Work required: Copy exactly the lines that run from the one containing "#73723 = VECTOR ( 'NONE', #23903, 1000. ) ;" through the end of the entries, both ends included.

Available records:
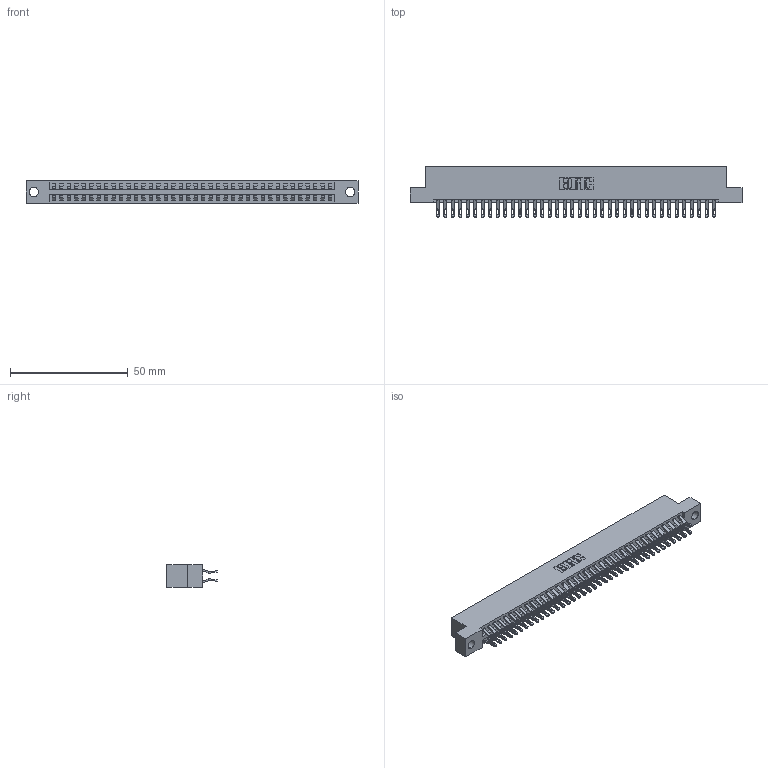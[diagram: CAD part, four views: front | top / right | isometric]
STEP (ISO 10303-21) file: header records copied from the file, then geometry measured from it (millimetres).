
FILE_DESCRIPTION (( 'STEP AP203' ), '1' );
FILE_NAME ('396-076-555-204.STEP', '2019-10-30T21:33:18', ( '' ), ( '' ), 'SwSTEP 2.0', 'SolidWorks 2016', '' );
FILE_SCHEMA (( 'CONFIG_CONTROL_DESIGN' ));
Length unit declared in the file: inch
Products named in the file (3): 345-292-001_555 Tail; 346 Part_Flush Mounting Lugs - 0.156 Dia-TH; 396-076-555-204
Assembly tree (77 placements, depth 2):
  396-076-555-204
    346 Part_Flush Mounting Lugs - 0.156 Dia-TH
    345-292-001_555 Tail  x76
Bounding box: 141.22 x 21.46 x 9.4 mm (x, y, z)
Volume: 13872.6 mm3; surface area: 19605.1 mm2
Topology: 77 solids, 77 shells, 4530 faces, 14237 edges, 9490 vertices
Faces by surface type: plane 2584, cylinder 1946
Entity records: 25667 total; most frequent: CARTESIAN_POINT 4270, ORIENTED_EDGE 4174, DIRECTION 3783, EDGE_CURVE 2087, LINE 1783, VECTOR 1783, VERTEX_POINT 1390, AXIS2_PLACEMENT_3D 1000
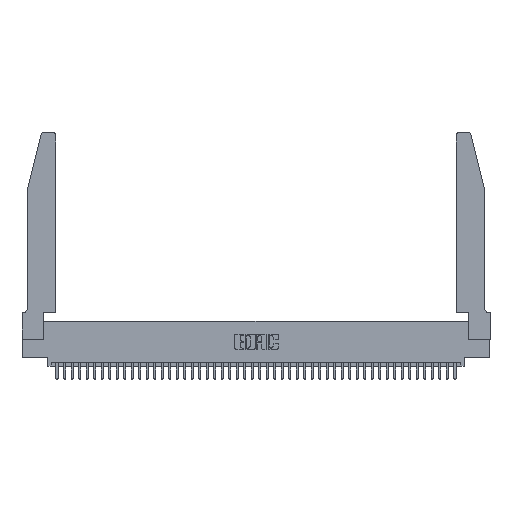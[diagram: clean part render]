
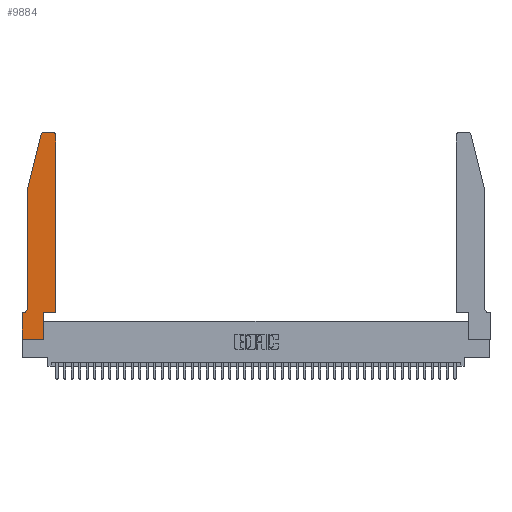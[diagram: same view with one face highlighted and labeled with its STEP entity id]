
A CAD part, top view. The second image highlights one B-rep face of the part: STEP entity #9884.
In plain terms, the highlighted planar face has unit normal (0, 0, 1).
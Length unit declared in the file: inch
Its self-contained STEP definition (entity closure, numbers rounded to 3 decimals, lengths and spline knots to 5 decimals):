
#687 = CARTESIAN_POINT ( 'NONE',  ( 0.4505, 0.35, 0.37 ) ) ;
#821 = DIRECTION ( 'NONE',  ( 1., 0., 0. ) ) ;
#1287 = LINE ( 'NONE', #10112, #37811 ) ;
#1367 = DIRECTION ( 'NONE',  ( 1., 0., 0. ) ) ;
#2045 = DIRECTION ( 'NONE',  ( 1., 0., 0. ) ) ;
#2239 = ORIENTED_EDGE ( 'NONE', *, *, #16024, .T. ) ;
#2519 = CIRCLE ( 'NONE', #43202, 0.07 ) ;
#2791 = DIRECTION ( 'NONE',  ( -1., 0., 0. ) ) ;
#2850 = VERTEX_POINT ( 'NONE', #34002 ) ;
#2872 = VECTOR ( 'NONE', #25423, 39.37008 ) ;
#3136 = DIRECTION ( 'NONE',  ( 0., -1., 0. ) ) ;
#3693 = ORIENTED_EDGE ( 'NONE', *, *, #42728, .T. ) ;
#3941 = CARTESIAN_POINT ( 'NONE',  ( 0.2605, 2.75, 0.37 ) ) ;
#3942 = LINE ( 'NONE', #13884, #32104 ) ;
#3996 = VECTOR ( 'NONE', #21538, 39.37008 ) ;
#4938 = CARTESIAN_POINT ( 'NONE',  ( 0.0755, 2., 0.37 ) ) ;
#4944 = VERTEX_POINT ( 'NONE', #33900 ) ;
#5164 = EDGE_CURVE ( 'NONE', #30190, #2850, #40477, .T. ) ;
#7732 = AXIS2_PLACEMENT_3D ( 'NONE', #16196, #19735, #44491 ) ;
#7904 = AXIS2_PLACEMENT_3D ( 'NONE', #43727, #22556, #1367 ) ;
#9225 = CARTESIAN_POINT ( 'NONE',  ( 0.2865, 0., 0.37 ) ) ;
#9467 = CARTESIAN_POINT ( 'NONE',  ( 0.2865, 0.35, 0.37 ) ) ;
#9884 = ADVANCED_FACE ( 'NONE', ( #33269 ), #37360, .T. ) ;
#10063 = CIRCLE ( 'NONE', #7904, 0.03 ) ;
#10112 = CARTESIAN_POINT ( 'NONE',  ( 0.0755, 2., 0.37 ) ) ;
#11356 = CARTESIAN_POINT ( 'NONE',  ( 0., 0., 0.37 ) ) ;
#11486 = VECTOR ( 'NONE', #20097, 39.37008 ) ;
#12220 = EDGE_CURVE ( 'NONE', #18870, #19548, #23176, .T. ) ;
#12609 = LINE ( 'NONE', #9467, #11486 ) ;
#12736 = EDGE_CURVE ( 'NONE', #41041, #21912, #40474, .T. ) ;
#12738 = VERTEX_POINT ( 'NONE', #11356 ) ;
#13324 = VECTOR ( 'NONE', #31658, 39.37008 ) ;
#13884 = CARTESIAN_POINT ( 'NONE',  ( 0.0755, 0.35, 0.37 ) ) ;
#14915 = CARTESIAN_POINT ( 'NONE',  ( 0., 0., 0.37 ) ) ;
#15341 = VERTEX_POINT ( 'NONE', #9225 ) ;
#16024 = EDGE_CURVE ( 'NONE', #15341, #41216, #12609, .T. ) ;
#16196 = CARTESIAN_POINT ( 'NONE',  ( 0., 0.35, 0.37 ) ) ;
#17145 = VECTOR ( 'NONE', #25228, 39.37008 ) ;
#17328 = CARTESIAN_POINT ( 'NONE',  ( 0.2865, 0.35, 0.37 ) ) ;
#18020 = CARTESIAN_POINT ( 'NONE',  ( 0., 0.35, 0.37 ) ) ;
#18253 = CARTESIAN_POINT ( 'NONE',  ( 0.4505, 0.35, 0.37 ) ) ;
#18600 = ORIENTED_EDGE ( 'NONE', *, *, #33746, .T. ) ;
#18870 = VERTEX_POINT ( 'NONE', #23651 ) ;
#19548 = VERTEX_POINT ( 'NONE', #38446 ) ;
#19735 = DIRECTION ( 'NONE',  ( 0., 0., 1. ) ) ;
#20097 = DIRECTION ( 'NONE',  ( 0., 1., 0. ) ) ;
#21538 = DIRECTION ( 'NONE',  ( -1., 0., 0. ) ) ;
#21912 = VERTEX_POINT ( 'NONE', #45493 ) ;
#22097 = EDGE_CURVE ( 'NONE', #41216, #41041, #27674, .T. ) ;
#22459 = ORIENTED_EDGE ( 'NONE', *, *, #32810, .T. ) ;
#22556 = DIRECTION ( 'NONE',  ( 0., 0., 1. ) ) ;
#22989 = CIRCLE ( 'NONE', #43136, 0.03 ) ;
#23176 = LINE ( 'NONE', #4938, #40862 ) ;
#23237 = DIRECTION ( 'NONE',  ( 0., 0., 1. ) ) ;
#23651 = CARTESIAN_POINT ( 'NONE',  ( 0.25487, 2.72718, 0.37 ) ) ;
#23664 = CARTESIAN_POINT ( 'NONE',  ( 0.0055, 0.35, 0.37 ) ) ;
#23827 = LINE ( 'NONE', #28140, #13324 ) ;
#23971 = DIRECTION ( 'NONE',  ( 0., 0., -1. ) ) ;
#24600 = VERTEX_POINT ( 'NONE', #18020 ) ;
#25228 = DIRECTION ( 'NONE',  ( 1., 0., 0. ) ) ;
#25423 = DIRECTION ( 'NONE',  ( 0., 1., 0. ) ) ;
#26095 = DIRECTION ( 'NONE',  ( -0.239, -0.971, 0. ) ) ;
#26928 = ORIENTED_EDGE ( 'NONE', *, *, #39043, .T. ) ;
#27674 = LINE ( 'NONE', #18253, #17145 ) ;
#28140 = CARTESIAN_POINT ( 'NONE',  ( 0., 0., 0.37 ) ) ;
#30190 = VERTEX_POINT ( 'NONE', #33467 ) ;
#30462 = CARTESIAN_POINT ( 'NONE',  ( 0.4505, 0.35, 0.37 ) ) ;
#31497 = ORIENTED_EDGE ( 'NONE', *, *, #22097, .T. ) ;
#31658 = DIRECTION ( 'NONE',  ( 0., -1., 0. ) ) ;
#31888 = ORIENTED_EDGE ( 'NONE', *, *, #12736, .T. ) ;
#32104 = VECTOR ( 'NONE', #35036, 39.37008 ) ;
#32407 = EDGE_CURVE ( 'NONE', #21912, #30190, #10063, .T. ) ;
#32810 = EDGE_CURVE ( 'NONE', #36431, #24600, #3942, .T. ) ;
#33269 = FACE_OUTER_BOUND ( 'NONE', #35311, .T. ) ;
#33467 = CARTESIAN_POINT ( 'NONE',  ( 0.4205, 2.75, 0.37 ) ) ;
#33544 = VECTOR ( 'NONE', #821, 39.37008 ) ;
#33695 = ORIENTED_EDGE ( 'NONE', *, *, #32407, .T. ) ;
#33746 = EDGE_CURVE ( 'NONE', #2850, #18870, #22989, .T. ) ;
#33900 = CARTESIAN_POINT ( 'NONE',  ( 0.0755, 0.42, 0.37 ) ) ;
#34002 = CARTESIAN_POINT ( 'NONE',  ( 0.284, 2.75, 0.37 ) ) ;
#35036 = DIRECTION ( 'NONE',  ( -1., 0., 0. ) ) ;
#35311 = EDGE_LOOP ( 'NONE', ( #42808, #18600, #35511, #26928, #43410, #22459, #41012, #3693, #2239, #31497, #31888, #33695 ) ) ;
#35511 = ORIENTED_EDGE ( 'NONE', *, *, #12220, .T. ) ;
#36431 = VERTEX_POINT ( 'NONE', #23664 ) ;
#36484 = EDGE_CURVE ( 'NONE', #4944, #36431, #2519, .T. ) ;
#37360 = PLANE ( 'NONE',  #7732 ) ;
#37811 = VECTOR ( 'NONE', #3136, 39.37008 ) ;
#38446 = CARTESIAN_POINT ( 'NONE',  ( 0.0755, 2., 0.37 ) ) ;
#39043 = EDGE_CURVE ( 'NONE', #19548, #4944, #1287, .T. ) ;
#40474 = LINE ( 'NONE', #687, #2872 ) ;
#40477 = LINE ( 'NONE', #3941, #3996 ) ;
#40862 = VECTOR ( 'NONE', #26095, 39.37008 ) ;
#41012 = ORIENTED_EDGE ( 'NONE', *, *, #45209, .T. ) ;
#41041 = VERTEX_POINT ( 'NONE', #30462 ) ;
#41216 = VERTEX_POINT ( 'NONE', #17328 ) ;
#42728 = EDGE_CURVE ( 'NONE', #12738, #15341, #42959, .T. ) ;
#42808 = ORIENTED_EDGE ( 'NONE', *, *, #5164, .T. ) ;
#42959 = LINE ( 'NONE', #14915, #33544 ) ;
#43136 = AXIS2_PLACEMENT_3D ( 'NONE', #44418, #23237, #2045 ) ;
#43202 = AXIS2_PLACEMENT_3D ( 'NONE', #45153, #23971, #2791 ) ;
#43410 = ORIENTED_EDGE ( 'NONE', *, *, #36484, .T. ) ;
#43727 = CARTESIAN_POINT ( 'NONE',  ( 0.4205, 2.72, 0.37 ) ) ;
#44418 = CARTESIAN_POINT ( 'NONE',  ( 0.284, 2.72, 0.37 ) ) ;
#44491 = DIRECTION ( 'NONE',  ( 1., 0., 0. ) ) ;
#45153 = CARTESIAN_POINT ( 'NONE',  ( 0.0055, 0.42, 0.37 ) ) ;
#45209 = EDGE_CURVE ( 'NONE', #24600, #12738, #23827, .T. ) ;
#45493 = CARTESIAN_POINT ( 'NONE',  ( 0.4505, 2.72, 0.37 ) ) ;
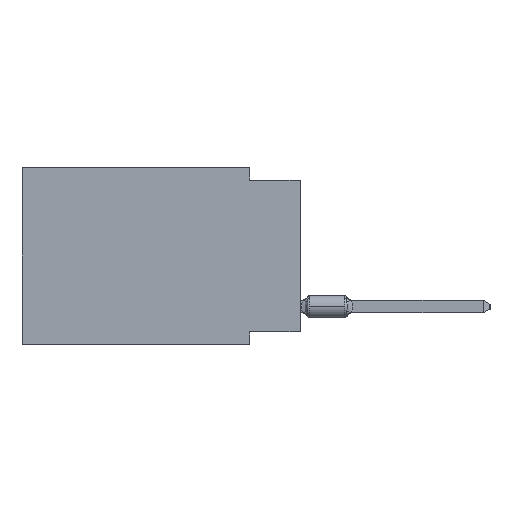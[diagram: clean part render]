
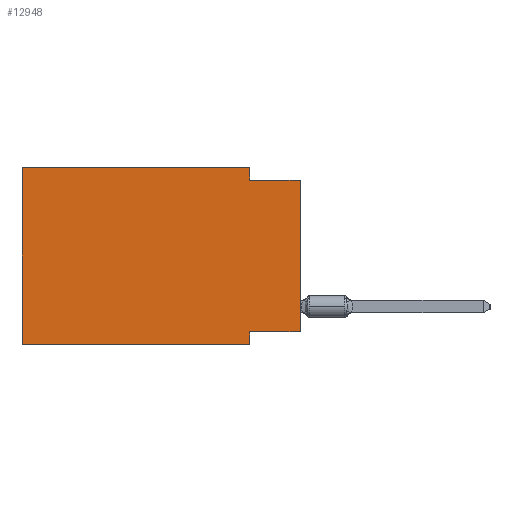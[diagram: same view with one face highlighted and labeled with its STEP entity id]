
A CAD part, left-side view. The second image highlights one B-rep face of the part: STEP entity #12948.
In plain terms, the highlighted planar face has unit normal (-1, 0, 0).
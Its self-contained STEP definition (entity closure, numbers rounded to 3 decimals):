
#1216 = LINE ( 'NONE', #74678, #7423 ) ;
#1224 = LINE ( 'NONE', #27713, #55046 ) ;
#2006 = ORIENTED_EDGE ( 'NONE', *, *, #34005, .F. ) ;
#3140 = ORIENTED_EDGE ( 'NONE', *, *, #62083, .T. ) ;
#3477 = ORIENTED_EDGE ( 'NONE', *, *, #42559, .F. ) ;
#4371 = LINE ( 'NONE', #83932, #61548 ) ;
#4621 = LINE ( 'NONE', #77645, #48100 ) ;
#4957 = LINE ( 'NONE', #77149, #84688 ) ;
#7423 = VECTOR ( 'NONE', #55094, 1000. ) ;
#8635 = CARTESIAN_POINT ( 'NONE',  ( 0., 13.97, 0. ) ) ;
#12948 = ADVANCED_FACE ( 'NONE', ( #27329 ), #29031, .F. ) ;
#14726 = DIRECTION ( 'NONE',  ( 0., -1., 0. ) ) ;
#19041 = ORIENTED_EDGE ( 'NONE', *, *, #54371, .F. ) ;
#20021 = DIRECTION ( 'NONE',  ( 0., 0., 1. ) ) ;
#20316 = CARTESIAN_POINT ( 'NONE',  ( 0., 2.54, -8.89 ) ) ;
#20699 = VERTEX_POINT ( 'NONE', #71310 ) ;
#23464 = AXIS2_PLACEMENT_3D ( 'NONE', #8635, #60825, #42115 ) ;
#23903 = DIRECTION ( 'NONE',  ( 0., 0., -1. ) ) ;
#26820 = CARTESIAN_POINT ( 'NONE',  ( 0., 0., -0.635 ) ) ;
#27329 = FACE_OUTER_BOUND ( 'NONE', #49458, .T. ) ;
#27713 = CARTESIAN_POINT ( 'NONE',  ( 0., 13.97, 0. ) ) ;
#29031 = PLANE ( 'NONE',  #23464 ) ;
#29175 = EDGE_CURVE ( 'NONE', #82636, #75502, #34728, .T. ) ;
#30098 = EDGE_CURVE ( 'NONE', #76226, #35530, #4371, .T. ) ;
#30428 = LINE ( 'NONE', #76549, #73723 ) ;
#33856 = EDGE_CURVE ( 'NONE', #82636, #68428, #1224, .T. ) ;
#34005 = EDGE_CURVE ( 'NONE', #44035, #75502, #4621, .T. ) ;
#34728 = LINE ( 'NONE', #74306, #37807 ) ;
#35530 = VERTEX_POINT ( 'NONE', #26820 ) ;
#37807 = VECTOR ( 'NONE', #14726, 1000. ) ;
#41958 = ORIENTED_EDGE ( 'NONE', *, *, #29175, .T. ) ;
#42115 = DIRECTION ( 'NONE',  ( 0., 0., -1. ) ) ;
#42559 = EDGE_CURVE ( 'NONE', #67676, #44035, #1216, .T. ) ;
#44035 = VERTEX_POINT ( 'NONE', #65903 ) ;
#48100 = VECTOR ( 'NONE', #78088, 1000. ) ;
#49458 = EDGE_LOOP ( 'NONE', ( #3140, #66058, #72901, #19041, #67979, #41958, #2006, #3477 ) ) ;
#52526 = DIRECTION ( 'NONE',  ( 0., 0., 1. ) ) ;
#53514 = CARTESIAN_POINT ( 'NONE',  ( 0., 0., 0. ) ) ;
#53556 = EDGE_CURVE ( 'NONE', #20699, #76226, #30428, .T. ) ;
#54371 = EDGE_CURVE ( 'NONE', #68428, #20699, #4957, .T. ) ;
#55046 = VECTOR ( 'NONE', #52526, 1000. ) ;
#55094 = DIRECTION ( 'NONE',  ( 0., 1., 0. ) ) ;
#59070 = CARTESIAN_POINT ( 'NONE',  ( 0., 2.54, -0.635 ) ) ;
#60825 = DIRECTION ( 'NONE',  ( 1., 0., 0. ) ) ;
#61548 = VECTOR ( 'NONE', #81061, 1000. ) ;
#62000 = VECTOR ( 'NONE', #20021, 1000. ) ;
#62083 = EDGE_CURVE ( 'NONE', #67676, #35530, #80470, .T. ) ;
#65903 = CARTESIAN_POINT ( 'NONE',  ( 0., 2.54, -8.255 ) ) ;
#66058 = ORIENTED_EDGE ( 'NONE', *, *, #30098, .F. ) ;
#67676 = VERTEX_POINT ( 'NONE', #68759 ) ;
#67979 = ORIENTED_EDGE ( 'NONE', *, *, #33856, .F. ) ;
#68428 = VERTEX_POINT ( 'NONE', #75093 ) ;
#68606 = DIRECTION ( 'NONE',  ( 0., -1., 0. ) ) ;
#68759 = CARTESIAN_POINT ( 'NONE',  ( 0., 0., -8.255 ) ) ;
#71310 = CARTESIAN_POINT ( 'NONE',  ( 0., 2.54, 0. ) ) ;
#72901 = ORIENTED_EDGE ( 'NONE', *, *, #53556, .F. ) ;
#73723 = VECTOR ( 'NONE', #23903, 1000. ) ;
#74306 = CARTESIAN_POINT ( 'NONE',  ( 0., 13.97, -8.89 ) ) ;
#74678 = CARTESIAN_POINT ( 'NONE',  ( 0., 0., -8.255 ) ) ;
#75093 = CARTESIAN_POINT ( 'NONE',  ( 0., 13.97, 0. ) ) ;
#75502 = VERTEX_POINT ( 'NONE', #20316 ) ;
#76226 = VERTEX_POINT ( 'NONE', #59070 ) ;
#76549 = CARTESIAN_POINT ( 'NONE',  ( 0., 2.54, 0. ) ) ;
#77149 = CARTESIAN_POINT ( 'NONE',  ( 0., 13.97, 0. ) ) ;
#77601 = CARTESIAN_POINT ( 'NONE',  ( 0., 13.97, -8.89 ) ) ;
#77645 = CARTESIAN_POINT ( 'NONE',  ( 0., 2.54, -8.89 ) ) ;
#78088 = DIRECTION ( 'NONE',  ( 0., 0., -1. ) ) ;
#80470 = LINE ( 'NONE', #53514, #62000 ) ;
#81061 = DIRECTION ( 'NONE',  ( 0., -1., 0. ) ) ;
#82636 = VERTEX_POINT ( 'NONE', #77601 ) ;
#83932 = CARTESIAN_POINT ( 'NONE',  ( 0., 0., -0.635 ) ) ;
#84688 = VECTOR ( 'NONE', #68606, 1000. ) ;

Finished exercise:
#73723 = VECTOR ( 'NONE', #23903, 1000. ) ;
#74306 = CARTESIAN_POINT ( 'NONE',  ( 0., 13.97, -8.89 ) ) ;
#74678 = CARTESIAN_POINT ( 'NONE',  ( 0., 0., -8.255 ) ) ;
#75093 = CARTESIAN_POINT ( 'NONE',  ( 0., 13.97, 0. ) ) ;
#75502 = VERTEX_POINT ( 'NONE', #20316 ) ;
#76226 = VERTEX_POINT ( 'NONE', #59070 ) ;
#76549 = CARTESIAN_POINT ( 'NONE',  ( 0., 2.54, 0. ) ) ;
#77149 = CARTESIAN_POINT ( 'NONE',  ( 0., 13.97, 0. ) ) ;
#77601 = CARTESIAN_POINT ( 'NONE',  ( 0., 13.97, -8.89 ) ) ;
#77645 = CARTESIAN_POINT ( 'NONE',  ( 0., 2.54, -8.89 ) ) ;
#78088 = DIRECTION ( 'NONE',  ( 0., 0., -1. ) ) ;
#80470 = LINE ( 'NONE', #53514, #62000 ) ;
#81061 = DIRECTION ( 'NONE',  ( 0., -1., 0. ) ) ;
#82636 = VERTEX_POINT ( 'NONE', #77601 ) ;
#83932 = CARTESIAN_POINT ( 'NONE',  ( 0., 0., -0.635 ) ) ;
#84688 = VECTOR ( 'NONE', #68606, 1000. ) ;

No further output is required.